DIRECTIONS:
Up to and including the line with "#1=APPLICATION_CONTEXT('core data for", restate the material below word for word, beginning with its first line.

---------- RECORDED INFORMATION

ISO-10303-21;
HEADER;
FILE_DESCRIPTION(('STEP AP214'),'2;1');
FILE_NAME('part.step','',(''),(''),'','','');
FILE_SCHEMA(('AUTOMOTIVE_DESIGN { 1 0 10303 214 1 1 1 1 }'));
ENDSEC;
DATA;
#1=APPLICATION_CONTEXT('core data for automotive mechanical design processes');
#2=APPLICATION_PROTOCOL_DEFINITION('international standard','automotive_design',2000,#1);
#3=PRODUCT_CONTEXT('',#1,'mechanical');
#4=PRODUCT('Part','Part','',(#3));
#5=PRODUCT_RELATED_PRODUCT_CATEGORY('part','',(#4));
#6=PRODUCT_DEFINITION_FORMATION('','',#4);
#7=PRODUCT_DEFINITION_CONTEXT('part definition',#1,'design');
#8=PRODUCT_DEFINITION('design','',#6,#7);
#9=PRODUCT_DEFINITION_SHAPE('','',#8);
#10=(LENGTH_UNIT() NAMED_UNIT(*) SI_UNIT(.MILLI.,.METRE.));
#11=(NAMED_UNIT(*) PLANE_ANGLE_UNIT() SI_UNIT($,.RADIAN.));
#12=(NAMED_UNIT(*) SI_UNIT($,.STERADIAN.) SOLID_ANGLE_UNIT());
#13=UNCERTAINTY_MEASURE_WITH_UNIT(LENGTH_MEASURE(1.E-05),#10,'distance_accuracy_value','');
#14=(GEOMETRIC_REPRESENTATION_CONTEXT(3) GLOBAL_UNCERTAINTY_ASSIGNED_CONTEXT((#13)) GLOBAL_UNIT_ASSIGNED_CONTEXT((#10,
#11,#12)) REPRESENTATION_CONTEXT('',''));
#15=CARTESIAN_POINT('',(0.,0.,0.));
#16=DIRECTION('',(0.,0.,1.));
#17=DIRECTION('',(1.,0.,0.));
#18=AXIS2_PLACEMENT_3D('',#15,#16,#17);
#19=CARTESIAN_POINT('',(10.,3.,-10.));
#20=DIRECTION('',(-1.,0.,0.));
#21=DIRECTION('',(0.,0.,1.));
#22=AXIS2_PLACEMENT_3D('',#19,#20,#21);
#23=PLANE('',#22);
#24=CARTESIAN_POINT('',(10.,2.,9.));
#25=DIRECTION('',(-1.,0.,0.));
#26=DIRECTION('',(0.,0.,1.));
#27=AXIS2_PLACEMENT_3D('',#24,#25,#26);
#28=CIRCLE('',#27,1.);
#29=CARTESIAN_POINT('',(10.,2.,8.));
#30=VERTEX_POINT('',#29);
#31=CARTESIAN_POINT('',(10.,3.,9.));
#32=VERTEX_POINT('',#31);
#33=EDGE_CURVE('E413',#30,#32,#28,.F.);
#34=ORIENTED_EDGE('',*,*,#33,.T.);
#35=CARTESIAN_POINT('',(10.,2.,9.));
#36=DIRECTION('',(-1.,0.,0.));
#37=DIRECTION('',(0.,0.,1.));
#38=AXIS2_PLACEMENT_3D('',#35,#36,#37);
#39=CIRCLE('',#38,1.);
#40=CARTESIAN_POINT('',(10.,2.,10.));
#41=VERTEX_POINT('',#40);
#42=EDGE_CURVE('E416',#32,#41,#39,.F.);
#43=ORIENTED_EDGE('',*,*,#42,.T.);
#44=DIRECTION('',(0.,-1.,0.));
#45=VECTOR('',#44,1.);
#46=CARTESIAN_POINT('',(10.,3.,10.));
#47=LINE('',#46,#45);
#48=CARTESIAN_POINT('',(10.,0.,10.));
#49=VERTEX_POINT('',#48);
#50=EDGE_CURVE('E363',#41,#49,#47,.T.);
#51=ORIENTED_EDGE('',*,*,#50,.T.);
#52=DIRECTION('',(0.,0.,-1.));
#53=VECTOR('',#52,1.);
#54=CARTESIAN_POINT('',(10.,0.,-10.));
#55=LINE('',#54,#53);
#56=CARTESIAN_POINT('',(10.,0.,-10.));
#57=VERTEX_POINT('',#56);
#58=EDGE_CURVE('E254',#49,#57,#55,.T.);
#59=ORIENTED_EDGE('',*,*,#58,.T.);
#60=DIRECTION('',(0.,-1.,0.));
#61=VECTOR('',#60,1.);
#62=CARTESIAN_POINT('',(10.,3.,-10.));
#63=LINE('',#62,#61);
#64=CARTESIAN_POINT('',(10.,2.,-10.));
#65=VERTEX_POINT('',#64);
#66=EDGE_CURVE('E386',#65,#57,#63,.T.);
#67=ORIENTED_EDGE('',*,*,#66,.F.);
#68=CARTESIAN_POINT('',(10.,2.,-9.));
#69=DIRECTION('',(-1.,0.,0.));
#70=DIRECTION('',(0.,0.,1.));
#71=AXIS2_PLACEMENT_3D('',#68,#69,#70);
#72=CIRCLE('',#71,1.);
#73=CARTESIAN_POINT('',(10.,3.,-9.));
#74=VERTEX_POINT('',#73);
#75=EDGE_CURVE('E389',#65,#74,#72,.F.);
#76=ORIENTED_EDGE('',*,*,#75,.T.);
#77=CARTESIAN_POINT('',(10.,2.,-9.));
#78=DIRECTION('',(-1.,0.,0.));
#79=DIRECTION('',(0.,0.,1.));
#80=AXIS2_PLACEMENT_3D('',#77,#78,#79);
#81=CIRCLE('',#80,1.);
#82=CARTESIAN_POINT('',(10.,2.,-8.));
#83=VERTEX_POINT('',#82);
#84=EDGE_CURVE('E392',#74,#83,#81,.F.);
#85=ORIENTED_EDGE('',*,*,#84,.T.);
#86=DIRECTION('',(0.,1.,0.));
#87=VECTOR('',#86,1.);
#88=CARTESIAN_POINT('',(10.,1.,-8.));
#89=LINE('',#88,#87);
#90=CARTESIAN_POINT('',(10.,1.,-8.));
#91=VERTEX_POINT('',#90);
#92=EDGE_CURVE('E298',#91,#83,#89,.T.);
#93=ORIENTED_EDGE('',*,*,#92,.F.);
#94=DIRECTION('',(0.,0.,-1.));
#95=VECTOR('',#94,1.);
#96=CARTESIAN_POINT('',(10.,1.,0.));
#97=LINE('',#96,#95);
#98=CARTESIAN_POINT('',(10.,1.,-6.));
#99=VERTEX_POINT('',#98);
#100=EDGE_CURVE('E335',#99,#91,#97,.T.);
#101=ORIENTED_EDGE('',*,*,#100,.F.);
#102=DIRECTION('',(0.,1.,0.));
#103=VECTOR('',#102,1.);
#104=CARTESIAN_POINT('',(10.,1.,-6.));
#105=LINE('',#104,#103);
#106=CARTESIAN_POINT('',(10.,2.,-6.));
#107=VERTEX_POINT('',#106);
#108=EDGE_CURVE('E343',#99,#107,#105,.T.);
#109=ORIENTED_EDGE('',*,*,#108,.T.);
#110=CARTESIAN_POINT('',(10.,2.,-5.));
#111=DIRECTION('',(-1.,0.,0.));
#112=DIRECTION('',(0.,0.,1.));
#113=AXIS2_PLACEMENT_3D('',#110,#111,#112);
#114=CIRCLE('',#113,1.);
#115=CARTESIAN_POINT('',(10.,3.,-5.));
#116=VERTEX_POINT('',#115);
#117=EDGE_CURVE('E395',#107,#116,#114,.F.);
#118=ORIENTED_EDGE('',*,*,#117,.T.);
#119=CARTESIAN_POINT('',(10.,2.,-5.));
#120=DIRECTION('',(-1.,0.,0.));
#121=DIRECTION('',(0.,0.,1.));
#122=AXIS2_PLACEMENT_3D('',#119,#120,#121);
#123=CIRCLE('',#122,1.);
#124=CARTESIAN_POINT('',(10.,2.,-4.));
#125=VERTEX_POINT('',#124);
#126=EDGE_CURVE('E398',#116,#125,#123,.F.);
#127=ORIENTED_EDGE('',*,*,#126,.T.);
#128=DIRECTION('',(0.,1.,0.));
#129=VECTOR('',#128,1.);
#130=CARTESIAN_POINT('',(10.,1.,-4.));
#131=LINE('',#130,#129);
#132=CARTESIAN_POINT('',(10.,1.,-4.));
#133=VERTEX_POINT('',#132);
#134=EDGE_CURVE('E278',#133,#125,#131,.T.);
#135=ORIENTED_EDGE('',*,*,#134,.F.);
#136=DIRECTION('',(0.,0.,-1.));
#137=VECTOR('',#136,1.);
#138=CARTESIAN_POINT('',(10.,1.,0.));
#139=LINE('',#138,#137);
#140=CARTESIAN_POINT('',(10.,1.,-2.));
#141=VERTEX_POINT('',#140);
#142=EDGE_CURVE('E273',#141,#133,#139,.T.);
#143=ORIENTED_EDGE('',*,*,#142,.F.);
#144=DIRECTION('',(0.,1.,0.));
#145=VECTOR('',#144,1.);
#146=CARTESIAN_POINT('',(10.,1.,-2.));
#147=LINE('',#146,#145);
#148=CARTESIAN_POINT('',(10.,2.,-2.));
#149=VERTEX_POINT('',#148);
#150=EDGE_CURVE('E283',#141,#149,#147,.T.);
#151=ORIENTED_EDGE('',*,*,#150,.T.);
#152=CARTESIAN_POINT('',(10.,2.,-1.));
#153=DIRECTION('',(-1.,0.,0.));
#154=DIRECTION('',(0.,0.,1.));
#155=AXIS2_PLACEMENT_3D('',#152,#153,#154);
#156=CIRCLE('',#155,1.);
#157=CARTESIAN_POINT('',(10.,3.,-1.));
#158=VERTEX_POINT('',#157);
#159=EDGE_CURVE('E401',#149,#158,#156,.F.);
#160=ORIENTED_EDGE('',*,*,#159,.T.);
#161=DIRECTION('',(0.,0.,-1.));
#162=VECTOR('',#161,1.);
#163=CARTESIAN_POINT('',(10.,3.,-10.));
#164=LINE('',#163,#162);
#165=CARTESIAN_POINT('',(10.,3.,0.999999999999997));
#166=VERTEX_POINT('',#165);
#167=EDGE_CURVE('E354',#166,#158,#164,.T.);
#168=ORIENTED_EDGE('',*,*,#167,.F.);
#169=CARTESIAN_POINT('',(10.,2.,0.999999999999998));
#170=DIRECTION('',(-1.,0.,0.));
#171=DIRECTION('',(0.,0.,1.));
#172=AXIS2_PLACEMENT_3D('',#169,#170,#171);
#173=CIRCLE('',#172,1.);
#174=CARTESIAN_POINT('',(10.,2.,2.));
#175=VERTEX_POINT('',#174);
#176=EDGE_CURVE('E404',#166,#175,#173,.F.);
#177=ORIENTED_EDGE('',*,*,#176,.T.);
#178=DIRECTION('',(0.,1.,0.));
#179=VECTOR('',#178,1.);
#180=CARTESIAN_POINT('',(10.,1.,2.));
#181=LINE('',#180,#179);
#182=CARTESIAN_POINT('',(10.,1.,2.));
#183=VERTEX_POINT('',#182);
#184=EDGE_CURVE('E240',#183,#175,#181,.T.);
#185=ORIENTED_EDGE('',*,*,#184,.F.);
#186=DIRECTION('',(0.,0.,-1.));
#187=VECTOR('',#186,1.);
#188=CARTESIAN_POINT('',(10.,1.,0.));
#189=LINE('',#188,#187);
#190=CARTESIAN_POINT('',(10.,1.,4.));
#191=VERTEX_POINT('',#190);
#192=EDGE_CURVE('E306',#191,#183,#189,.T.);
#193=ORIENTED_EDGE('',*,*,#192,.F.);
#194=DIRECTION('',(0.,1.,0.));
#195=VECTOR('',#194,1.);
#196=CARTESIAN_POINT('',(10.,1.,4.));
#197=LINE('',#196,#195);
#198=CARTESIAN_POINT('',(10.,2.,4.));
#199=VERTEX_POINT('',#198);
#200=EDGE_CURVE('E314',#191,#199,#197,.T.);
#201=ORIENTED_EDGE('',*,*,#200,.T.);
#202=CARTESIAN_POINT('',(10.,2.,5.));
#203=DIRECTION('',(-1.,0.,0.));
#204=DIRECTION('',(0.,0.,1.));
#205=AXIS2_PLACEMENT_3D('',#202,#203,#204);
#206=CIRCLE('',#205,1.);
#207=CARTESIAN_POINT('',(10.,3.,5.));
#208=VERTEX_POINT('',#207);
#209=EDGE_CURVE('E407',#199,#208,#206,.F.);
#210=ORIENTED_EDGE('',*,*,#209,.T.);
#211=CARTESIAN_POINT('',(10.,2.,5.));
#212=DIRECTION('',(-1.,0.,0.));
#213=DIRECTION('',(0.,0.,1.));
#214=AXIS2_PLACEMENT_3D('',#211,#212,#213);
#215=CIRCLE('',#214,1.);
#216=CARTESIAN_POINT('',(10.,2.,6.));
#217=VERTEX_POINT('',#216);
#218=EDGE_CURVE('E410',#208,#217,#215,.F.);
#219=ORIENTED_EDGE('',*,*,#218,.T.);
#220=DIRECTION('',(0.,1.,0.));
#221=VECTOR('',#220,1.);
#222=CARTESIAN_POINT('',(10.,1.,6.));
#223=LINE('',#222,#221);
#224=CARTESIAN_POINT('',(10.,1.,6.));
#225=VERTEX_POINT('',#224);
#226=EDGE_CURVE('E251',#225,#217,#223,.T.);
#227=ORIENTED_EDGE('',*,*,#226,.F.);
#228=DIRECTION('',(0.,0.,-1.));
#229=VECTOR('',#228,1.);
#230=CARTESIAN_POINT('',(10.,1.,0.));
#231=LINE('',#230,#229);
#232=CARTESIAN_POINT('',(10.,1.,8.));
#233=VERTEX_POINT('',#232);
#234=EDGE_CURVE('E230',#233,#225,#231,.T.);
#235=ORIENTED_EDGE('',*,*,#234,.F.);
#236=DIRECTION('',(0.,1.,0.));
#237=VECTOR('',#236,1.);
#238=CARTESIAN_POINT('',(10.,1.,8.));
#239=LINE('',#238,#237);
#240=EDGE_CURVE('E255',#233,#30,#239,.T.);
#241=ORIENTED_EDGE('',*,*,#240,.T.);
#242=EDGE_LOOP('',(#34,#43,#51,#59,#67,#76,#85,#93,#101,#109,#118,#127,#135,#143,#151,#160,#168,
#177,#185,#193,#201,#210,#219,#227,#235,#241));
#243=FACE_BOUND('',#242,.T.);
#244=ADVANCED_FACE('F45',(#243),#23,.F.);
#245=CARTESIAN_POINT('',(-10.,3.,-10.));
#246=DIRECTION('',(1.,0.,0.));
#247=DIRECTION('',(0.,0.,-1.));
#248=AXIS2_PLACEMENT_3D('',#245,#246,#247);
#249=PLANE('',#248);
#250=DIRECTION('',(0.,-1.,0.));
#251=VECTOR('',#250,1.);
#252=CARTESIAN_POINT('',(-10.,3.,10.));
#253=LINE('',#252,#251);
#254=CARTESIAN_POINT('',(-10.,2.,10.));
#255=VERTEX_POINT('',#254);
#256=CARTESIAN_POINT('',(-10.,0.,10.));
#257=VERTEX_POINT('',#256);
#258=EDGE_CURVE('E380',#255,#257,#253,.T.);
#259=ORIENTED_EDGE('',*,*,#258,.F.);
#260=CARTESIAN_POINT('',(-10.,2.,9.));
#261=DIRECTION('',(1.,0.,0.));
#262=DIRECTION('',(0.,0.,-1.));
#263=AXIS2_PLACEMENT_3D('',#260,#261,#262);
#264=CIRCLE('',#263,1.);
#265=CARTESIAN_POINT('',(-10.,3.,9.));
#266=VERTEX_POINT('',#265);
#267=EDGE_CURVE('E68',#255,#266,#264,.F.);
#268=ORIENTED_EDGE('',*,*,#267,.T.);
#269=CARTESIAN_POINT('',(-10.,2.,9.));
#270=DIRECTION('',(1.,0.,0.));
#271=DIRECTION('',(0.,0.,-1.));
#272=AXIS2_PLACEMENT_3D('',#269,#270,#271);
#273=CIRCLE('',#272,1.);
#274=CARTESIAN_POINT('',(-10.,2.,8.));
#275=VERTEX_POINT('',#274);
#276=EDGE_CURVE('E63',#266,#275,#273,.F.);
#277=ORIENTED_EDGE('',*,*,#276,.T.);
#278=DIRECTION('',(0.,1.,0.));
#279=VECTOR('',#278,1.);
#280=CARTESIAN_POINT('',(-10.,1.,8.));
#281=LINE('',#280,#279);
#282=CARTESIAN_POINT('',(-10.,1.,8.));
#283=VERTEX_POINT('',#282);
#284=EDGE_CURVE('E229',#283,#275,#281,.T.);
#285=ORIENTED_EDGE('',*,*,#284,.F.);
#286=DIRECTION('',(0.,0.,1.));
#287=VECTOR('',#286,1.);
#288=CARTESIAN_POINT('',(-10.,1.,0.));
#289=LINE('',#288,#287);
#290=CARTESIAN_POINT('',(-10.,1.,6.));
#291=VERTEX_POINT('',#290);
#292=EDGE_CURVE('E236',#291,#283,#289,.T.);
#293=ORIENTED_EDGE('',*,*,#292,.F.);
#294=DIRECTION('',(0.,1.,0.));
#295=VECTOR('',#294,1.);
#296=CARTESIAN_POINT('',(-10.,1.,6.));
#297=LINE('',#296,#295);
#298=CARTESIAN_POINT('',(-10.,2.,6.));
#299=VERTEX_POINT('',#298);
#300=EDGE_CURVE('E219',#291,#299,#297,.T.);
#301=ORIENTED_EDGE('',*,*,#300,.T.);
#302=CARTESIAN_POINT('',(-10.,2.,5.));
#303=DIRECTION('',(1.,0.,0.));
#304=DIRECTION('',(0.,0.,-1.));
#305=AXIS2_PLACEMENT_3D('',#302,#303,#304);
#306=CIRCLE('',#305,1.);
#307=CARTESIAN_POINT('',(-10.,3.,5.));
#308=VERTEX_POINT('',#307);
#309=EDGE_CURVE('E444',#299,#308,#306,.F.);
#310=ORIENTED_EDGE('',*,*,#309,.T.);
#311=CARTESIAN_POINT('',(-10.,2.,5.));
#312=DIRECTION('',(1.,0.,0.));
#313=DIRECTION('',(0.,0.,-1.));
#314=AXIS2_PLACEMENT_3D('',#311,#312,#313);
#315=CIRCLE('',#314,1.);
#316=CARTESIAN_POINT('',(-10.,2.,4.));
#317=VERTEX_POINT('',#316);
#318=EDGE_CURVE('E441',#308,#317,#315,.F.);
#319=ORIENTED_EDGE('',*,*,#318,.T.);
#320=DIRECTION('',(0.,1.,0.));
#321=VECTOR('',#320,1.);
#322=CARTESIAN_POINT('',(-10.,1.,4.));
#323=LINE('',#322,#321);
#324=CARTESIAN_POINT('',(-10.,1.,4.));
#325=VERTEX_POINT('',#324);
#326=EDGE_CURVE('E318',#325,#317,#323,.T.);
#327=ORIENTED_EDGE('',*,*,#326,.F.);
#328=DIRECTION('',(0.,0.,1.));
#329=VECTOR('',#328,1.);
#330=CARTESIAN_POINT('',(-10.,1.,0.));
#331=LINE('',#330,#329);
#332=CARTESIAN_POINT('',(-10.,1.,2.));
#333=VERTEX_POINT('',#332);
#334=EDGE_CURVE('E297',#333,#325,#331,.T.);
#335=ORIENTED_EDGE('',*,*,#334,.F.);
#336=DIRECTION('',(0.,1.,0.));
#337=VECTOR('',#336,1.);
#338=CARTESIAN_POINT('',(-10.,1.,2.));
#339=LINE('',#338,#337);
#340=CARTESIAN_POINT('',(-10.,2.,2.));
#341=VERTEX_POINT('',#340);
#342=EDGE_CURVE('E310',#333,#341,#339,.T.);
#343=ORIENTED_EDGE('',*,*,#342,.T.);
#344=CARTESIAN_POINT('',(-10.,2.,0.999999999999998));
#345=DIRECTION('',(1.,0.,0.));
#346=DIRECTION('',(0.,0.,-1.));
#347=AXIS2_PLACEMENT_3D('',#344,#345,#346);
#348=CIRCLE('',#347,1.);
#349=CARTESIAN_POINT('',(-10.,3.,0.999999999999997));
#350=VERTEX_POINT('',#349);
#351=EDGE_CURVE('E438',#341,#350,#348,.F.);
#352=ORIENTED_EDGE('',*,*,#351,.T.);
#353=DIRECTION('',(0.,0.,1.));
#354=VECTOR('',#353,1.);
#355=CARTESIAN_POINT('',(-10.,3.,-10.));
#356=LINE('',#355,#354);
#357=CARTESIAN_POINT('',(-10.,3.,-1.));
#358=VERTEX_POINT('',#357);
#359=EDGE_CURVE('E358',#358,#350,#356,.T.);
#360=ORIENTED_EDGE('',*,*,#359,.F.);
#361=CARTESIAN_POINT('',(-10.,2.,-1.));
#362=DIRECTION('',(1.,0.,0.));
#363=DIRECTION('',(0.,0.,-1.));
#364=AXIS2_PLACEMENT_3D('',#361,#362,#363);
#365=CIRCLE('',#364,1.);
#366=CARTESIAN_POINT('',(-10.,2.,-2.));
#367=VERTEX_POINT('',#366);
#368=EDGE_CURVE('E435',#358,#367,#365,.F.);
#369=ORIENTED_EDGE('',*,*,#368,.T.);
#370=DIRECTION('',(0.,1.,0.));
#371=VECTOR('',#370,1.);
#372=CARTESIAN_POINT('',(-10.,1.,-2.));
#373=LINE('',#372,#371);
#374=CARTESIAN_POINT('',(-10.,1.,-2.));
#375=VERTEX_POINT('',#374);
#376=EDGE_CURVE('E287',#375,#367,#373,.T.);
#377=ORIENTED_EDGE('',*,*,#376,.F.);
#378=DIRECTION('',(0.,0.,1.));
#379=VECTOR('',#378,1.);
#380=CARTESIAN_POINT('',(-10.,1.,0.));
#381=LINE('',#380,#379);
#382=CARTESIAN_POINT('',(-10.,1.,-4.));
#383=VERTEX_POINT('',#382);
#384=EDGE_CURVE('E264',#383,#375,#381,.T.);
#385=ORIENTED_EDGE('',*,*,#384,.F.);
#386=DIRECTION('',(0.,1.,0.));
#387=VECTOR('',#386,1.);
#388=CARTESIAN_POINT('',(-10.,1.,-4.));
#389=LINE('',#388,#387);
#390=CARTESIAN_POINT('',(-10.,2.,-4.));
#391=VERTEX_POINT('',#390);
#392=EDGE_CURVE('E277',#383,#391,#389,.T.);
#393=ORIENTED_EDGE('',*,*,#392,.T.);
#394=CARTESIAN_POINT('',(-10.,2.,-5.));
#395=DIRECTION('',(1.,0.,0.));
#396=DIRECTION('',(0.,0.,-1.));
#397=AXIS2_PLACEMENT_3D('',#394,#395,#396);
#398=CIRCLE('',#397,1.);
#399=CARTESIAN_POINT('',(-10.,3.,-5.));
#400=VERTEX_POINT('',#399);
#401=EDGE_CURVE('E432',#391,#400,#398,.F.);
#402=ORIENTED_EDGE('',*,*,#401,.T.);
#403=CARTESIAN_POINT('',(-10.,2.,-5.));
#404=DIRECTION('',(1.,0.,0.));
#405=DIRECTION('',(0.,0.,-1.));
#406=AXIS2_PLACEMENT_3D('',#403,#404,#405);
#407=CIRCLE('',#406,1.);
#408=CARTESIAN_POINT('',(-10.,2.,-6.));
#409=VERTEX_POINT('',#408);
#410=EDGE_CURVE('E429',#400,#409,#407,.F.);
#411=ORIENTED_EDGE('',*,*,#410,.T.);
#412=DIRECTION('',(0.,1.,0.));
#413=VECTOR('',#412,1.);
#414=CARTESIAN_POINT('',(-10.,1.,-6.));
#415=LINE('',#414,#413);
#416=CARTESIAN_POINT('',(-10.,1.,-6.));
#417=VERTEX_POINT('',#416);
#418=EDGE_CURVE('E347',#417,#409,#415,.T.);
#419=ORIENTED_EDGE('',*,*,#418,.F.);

--------------------

REPLY:
ISO-10303-21;
HEADER;
FILE_DESCRIPTION(('STEP AP214'),'2;1');
FILE_NAME('part.step','',(''),(''),'','','');
FILE_SCHEMA(('AUTOMOTIVE_DESIGN { 1 0 10303 214 1 1 1 1 }'));
ENDSEC;
DATA;
#1=APPLICATION_CONTEXT('core data for automotive mechanical design processes');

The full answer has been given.